Pero el fútbol no se vive en hojas de cálculo. “Si preguntas a los aficionados, seguro que han disfrutado mucho el Championship este año y la FA Cup es enorme”, apunta Long. No es una competición cualquiera para Southampton. El último título llegó en 1976. Casi medio siglo después, aún se habla de aquella gesta como si hubiera ocurrido ayer.
Llegar a otra final sería tocar la fibra más profunda del hincha. Long, incluso, se moja con el otro lado del cuadro: ve a Leeds como favorito para ganar la otra semifinal. Y, si eso ocurre, cree que el escenario sería ideal para que Southampton soñara con levantar el trofeo.
“Jugar en la Premier League es brillante, pero tener esa copa, esos recuerdos, ese día con tus hijos y tu familia… Estoy seguro de que los aficionados de los Saints quizá priorizarían eso”, admite.

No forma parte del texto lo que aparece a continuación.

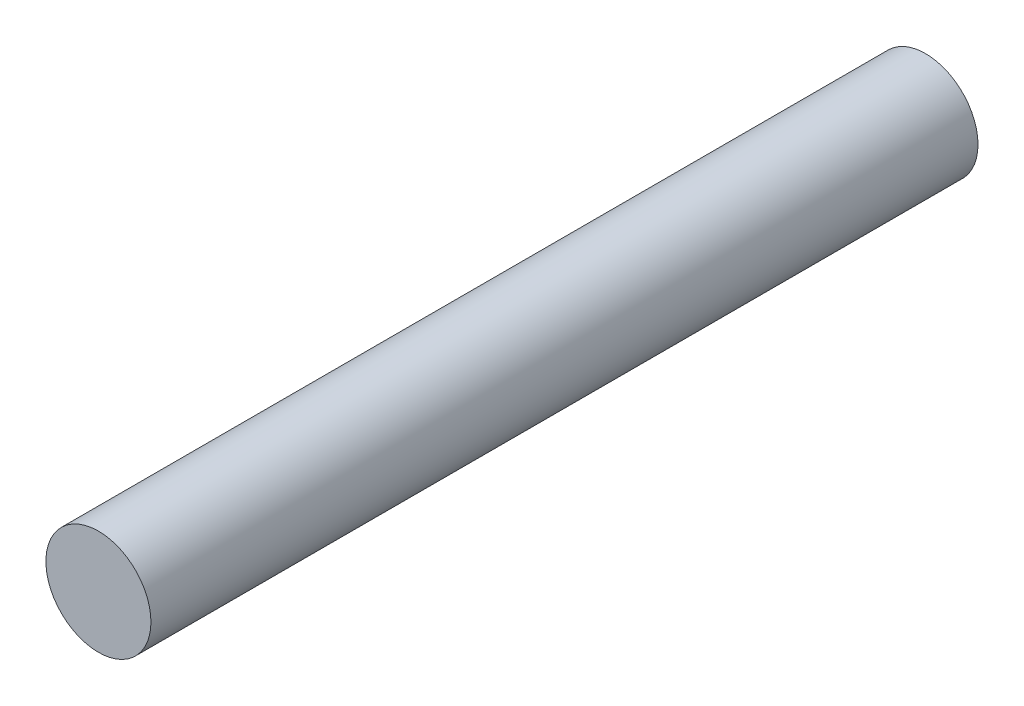
ISO-10303-21;
HEADER;
FILE_DESCRIPTION(('STEP AP214'),'2;1');
FILE_NAME('part.step','',(''),(''),'','','');
FILE_SCHEMA(('AUTOMOTIVE_DESIGN { 1 0 10303 214 1 1 1 1 }'));
ENDSEC;
DATA;
#1=APPLICATION_CONTEXT('core data for automotive mechanical design processes');
#2=APPLICATION_PROTOCOL_DEFINITION('international standard','automotive_design',2000,#1);
#3=PRODUCT_CONTEXT('',#1,'mechanical');
#4=PRODUCT('Part','Part','',(#3));
#5=PRODUCT_RELATED_PRODUCT_CATEGORY('part','',(#4));
#6=PRODUCT_DEFINITION_FORMATION('','',#4);
#7=PRODUCT_DEFINITION_CONTEXT('part definition',#1,'design');
#8=PRODUCT_DEFINITION('design','',#6,#7);
#9=PRODUCT_DEFINITION_SHAPE('','',#8);
#10=(LENGTH_UNIT() NAMED_UNIT(*) SI_UNIT(.MILLI.,.METRE.));
#11=(NAMED_UNIT(*) PLANE_ANGLE_UNIT() SI_UNIT($,.RADIAN.));
#12=(NAMED_UNIT(*) SI_UNIT($,.STERADIAN.) SOLID_ANGLE_UNIT());
#13=UNCERTAINTY_MEASURE_WITH_UNIT(LENGTH_MEASURE(1.E-05),#10,'distance_accuracy_value','');
#14=(GEOMETRIC_REPRESENTATION_CONTEXT(3) GLOBAL_UNCERTAINTY_ASSIGNED_CONTEXT((#13)) GLOBAL_UNIT_ASSIGNED_CONTEXT((#10,
#11,#12)) REPRESENTATION_CONTEXT('',''));
#15=CARTESIAN_POINT('',(0.,0.,0.));
#16=DIRECTION('',(0.,0.,1.));
#17=DIRECTION('',(1.,0.,0.));
#18=AXIS2_PLACEMENT_3D('',#15,#16,#17);
#19=CARTESIAN_POINT('',(0.,0.,-100.));
#20=DIRECTION('',(0.,0.,1.));
#21=DIRECTION('',(1.,0.,0.));
#22=AXIS2_PLACEMENT_3D('',#19,#20,#21);
#23=CYLINDRICAL_SURFACE('',#22,6.35);
#24=CARTESIAN_POINT('',(0.,0.,-100.));
#25=DIRECTION('',(0.,0.,1.));
#26=DIRECTION('',(1.,0.,0.));
#27=AXIS2_PLACEMENT_3D('',#24,#25,#26);
#28=CIRCLE('',#27,6.35);
#29=CARTESIAN_POINT('',(6.35,0.,-100.));
#30=VERTEX_POINT('',#29);
#31=EDGE_CURVE('E10',#30,#30,#28,.T.);
#32=ORIENTED_EDGE('',*,*,#31,.T.);
#33=EDGE_LOOP('',(#32));
#34=FACE_BOUND('',#33,.T.);
#35=CARTESIAN_POINT('',(0.,0.,0.));
#36=DIRECTION('',(0.,0.,1.));
#37=DIRECTION('',(1.,0.,0.));
#38=AXIS2_PLACEMENT_3D('',#35,#36,#37);
#39=CIRCLE('',#38,6.35);
#40=CARTESIAN_POINT('',(6.35,0.,0.));
#41=VERTEX_POINT('',#40);
#42=EDGE_CURVE('E34',#41,#41,#39,.T.);
#43=ORIENTED_EDGE('',*,*,#42,.F.);
#44=EDGE_LOOP('',(#43));
#45=FACE_BOUND('',#44,.T.);
#46=ADVANCED_FACE('F31',(#34,#45),#23,.T.);
#47=CARTESIAN_POINT('',(0.,0.,-100.));
#48=DIRECTION('',(0.,0.,1.));
#49=DIRECTION('',(1.,0.,0.));
#50=AXIS2_PLACEMENT_3D('',#47,#48,#49);
#51=PLANE('',#50);
#52=ORIENTED_EDGE('',*,*,#31,.F.);
#53=EDGE_LOOP('',(#52));
#54=FACE_BOUND('',#53,.T.);
#55=ADVANCED_FACE('F46',(#54),#51,.F.);
#56=CARTESIAN_POINT('',(0.,0.,0.));
#57=DIRECTION('',(0.,0.,1.));
#58=DIRECTION('',(1.,0.,0.));
#59=AXIS2_PLACEMENT_3D('',#56,#57,#58);
#60=PLANE('',#59);
#61=ORIENTED_EDGE('',*,*,#42,.T.);
#62=EDGE_LOOP('',(#61));
#63=FACE_BOUND('',#62,.T.);
#64=ADVANCED_FACE('F43',(#63),#60,.T.);
#65=CLOSED_SHELL('',(#46,#55,#64));
#66=MANIFOLD_SOLID_BREP('B2',#65);
#67=ADVANCED_BREP_SHAPE_REPRESENTATION('',(#18,#66),#14);
#68=SHAPE_DEFINITION_REPRESENTATION(#9,#67);
ENDSEC;
END-ISO-10303-21;

Wembley, entonces, no es solo un partido. Es una encrucijada emocional. Entre el pragmatismo del ascenso y la eternidad de una copa. Entre el club que formó a Harwood-Bellis y el equipo que le ha dado un hogar. Bajo la mirada fría y exigente de Roy Keane, el central se juega un paso más hacia el liderazgo. Y quizá, también, un lugar en la historia de Southampton.